▸ GOAL OF THE EXERCISE
Each record that follows should be repeated exactly, with no pictures carried over.

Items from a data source
.....
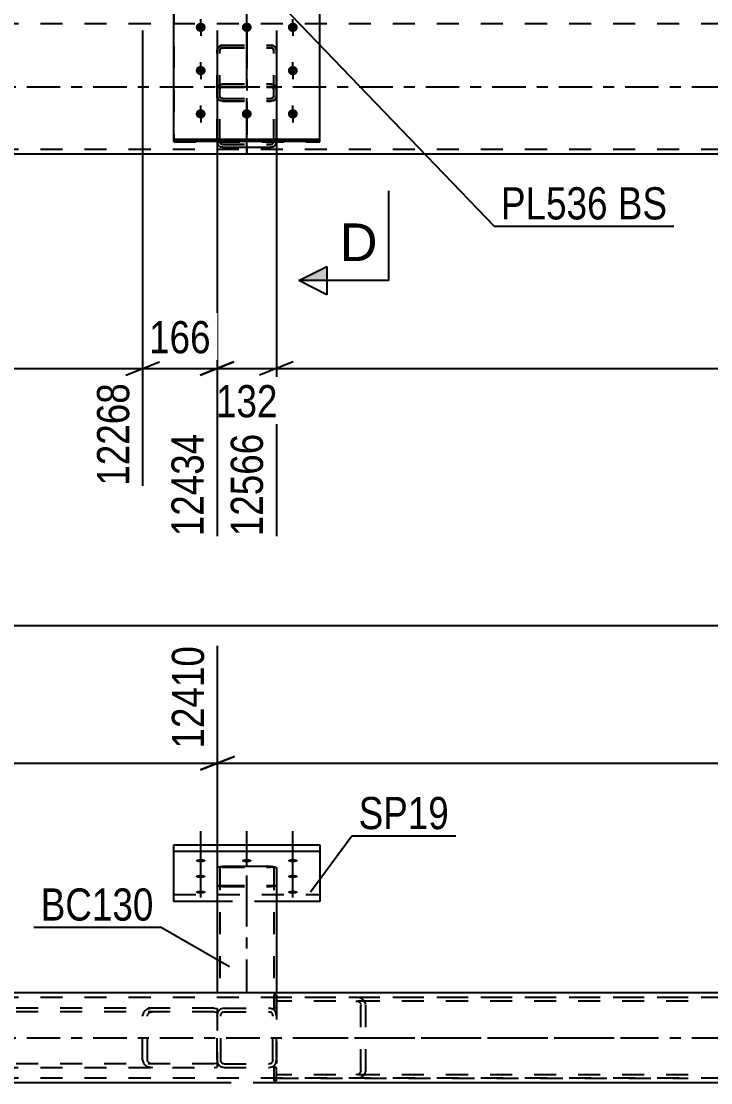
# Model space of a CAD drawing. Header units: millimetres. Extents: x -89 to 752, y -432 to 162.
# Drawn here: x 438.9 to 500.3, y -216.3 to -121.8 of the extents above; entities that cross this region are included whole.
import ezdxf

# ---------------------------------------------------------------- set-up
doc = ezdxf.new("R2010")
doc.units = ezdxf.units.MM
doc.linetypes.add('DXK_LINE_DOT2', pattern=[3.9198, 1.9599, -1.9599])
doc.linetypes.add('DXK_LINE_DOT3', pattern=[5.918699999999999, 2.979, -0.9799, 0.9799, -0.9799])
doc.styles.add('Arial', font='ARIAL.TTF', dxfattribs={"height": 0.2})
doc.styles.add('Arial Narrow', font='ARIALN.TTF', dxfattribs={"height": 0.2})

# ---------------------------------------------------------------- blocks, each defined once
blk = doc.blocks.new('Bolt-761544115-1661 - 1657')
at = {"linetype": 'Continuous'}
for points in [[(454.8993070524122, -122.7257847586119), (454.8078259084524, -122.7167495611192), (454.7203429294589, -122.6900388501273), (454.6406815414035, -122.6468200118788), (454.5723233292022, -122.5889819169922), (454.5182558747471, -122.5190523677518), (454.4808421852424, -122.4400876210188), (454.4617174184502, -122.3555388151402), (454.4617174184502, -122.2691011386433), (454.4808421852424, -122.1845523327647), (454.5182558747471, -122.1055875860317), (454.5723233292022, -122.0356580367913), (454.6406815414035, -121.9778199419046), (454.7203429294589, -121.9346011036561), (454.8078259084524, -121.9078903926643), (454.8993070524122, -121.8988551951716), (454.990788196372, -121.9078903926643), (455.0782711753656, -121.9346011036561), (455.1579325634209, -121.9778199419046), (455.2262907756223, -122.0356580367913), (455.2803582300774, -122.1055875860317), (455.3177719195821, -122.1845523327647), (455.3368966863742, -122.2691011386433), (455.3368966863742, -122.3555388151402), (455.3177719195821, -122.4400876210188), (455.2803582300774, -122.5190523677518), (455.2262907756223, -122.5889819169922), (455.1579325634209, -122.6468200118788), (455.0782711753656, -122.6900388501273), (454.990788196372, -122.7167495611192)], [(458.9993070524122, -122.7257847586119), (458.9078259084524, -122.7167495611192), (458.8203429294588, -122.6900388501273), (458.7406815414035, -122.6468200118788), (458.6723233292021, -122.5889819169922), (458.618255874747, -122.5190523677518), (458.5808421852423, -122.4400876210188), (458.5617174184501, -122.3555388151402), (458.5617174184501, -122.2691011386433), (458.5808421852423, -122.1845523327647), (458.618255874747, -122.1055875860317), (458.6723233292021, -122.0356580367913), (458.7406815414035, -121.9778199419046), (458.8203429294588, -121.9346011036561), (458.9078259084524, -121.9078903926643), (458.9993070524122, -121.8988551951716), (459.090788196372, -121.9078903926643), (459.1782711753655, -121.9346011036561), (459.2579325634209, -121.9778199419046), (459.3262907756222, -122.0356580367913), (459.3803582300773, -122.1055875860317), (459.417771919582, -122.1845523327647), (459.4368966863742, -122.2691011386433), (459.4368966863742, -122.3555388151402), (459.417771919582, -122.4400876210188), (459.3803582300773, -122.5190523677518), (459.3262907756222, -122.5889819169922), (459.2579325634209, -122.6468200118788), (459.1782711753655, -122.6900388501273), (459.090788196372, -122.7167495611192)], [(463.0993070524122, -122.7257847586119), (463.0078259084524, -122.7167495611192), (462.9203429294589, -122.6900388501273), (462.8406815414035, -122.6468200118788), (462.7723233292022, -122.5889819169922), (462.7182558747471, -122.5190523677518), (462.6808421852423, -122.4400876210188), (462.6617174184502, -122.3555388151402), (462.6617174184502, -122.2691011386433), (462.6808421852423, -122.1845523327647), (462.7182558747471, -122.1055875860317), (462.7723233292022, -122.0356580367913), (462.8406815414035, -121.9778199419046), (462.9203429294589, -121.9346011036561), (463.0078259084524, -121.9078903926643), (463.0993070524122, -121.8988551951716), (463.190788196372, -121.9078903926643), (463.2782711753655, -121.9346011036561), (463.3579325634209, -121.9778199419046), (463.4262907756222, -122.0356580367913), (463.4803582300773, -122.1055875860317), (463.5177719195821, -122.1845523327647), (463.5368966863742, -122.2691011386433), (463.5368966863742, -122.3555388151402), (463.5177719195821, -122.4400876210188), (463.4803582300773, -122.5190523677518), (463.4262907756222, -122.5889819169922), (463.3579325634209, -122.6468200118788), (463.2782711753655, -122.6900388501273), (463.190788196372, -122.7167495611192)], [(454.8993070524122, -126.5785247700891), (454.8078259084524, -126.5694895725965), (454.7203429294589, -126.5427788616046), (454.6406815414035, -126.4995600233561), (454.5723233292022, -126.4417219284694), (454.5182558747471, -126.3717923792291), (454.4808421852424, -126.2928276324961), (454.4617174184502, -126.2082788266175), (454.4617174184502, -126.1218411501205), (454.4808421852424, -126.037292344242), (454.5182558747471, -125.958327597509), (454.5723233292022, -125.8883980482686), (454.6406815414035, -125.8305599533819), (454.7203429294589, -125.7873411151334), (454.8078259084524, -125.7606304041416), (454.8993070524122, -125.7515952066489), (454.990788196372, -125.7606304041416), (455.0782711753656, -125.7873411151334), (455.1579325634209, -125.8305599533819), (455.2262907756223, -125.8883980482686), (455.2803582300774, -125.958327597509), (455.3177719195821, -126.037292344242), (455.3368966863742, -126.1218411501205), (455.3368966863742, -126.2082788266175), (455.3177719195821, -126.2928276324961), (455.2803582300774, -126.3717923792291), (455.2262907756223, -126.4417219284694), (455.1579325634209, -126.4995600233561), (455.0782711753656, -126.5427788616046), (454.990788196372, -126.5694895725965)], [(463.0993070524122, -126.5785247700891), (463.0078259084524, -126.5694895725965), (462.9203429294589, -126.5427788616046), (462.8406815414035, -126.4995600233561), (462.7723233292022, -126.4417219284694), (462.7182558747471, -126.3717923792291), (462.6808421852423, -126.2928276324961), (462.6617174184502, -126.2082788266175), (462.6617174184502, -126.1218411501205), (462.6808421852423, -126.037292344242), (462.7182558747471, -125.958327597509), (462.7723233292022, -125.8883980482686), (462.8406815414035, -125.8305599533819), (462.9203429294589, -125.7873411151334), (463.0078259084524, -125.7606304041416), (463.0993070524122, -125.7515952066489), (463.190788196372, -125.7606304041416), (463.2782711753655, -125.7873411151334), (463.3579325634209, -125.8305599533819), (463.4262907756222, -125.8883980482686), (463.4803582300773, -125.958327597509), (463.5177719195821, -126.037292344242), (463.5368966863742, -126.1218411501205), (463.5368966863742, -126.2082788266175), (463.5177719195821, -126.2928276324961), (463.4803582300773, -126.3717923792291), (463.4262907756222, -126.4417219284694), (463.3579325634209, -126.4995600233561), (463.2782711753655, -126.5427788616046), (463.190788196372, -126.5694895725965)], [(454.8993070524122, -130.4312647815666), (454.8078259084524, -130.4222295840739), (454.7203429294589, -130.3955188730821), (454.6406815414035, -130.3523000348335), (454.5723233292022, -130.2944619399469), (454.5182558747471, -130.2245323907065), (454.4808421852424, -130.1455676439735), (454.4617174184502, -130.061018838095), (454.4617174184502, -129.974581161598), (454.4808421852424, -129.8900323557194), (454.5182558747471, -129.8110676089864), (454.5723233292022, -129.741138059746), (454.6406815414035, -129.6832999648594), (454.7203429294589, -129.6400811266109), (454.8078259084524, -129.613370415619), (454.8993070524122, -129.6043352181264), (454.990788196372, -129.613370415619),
.....
▸ WRITTEN ANSWER
# Model space of a CAD drawing. Header units: millimetres. Extents: x -89 to 752, y -432 to 162.
# Drawn here: x 438.9 to 500.3, y -216.3 to -121.8 of the extents above; entities that cross this region are included whole.
import ezdxf

# ---------------------------------------------------------------- set-up
doc = ezdxf.new("R2010")
doc.units = ezdxf.units.MM
doc.linetypes.add('DXK_LINE_DOT2', pattern=[3.9198, 1.9599, -1.9599])
doc.linetypes.add('DXK_LINE_DOT3', pattern=[5.918699999999999, 2.979, -0.9799, 0.9799, -0.9799])
doc.styles.add('Arial', font='ARIAL.TTF', dxfattribs={"height": 0.2})
doc.styles.add('Arial Narrow', font='ARIALN.TTF', dxfattribs={"height": 0.2})

# ---------------------------------------------------------------- blocks, each defined once
blk = doc.blocks.new('Bolt-761544115-1661 - 1657')
at = {"linetype": 'Continuous'}
for points in [[(454.8993070524122, -122.7257847586119), (454.8078259084524, -122.7167495611192), (454.7203429294589, -122.6900388501273), (454.6406815414035, -122.6468200118788), (454.5723233292022, -122.5889819169922), (454.5182558747471, -122.5190523677518), (454.4808421852424, -122.4400876210188), (454.4617174184502, -122.3555388151402), (454.4617174184502, -122.2691011386433), (454.4808421852424, -122.1845523327647), (454.5182558747471, -122.1055875860317), (454.5723233292022, -122.0356580367913), (454.6406815414035, -121.9778199419046), (454.7203429294589, -121.9346011036561), (454.8078259084524, -121.9078903926643), (454.8993070524122, -121.8988551951716), (454.990788196372, -121.9078903926643), (455.0782711753656, -121.9346011036561), (455.1579325634209, -121.9778199419046), (455.2262907756223, -122.0356580367913), (455.2803582300774, -122.1055875860317), (455.3177719195821, -122.1845523327647), (455.3368966863742, -122.2691011386433), (455.3368966863742, -122.3555388151402), (455.3177719195821, -122.4400876210188), (455.2803582300774, -122.5190523677518), (455.2262907756223, -122.5889819169922), (455.1579325634209, -122.6468200118788), (455.0782711753656, -122.6900388501273), (454.990788196372, -122.7167495611192)], [(458.9993070524122, -122.7257847586119), (458.9078259084524, -122.7167495611192), (458.8203429294588, -122.6900388501273), (458.7406815414035, -122.6468200118788), (458.6723233292021, -122.5889819169922), (458.618255874747, -122.5190523677518), (458.5808421852423, -122.4400876210188), (458.5617174184501, -122.3555388151402), (458.5617174184501, -122.2691011386433), (458.5808421852423, -122.1845523327647), (458.618255874747, -122.1055875860317), (458.6723233292021, -122.0356580367913), (458.7406815414035, -121.9778199419046), (458.8203429294588, -121.9346011036561), (458.9078259084524, -121.9078903926643), (458.9993070524122, -121.8988551951716), (459.090788196372, -121.9078903926643), (459.1782711753655, -121.9346011036561), (459.2579325634209, -121.9778199419046), (459.3262907756222, -122.0356580367913), (459.3803582300773, -122.1055875860317), (459.417771919582, -122.1845523327647), (459.4368966863742, -122.2691011386433), (459.4368966863742, -122.3555388151402), (459.417771919582, -122.4400876210188), (459.3803582300773, -122.5190523677518), (459.3262907756222, -122.5889819169922), (459.2579325634209, -122.6468200118788), (459.1782711753655, -122.6900388501273), (459.090788196372, -122.7167495611192)], [(463.0993070524122, -122.7257847586119), (463.0078259084524, -122.7167495611192), (462.9203429294589, -122.6900388501273), (462.8406815414035, -122.6468200118788), (462.7723233292022, -122.5889819169922), (462.7182558747471, -122.5190523677518), (462.6808421852423, -122.4400876210188), (462.6617174184502, -122.3555388151402), (462.6617174184502, -122.2691011386433), (462.6808421852423, -122.1845523327647), (462.7182558747471, -122.1055875860317), (462.7723233292022, -122.0356580367913), (462.8406815414035, -121.9778199419046), (462.9203429294589, -121.9346011036561), (463.0078259084524, -121.9078903926643), (463.0993070524122, -121.8988551951716), (463.190788196372, -121.9078903926643), (463.2782711753655, -121.9346011036561), (463.3579325634209, -121.9778199419046), (463.4262907756222, -122.0356580367913), (463.4803582300773, -122.1055875860317), (463.5177719195821, -122.1845523327647), (463.5368966863742, -122.2691011386433), (463.5368966863742, -122.3555388151402), (463.5177719195821, -122.4400876210188), (463.4803582300773, -122.5190523677518), (463.4262907756222, -122.5889819169922), (463.3579325634209, -122.6468200118788), (463.2782711753655, -122.6900388501273), (463.190788196372, -122.7167495611192)], [(454.8993070524122, -126.5785247700891), (454.8078259084524, -126.5694895725965), (454.7203429294589, -126.5427788616046), (454.6406815414035, -126.4995600233561), (454.5723233292022, -126.4417219284694), (454.5182558747471, -126.3717923792291), (454.4808421852424, -126.2928276324961), (454.4617174184502, -126.2082788266175), (454.4617174184502, -126.1218411501205), (454.4808421852424, -126.037292344242), (454.5182558747471, -125.958327597509), (454.5723233292022, -125.8883980482686), (454.6406815414035, -125.8305599533819), (454.7203429294589, -125.7873411151334), (454.8078259084524, -125.7606304041416), (454.8993070524122, -125.7515952066489), (454.990788196372, -125.7606304041416), (455.0782711753656, -125.7873411151334), (455.1579325634209, -125.8305599533819), (455.2262907756223, -125.8883980482686), (455.2803582300774, -125.958327597509), (455.3177719195821, -126.037292344242), (455.3368966863742, -126.1218411501205), (455.3368966863742, -126.2082788266175), (455.3177719195821, -126.2928276324961), (455.2803582300774, -126.3717923792291), (455.2262907756223, -126.4417219284694), (455.1579325634209, -126.4995600233561), (455.0782711753656, -126.5427788616046), (454.990788196372, -126.5694895725965)], [(463.0993070524122, -126.5785247700891), (463.0078259084524, -126.5694895725965), (462.9203429294589, -126.5427788616046), (462.8406815414035, -126.4995600233561), (462.7723233292022, -126.4417219284694), (462.7182558747471, -126.3717923792291), (462.6808421852423, -126.2928276324961), (462.6617174184502, -126.2082788266175), (462.6617174184502, -126.1218411501205), (462.6808421852423, -126.037292344242), (462.7182558747471, -125.958327597509), (462.7723233292022, -125.8883980482686), (462.8406815414035, -125.8305599533819), (462.9203429294589, -125.7873411151334), (463.0078259084524, -125.7606304041416), (463.0993070524122, -125.7515952066489), (463.190788196372, -125.7606304041416), (463.2782711753655, -125.7873411151334), (463.3579325634209, -125.8305599533819), (463.4262907756222, -125.8883980482686), (463.4803582300773, -125.958327597509), (463.5177719195821, -126.037292344242), (463.5368966863742, -126.1218411501205), (463.5368966863742, -126.2082788266175), (463.5177719195821, -126.2928276324961), (463.4803582300773, -126.3717923792291), (463.4262907756222, -126.4417219284694), (463.3579325634209, -126.4995600233561), (463.2782711753655, -126.5427788616046), (463.190788196372, -126.5694895725965)], [(454.8993070524122, -130.4312647815666), (454.8078259084524, -130.4222295840739), (454.7203429294589, -130.3955188730821), (454.6406815414035, -130.3523000348335), (454.5723233292022, -130.2944619399469), (454.5182558747471, -130.2245323907065), (454.4808421852424, -130.1455676439735), (454.4617174184502, -130.061018838095), (454.4617174184502, -129.974581161598), (454.4808421852424, -129.8900323557194), (454.5182558747471, -129.8110676089864), (454.5723233292022, -129.741138059746), (454.6406815414035, -129.6832999648594), (454.7203429294589, -129.6400811266109), (454.8078259084524, -129.613370415619), (454.8993070524122, -129.6043352181264), (454.990788196372, -129.613370415619),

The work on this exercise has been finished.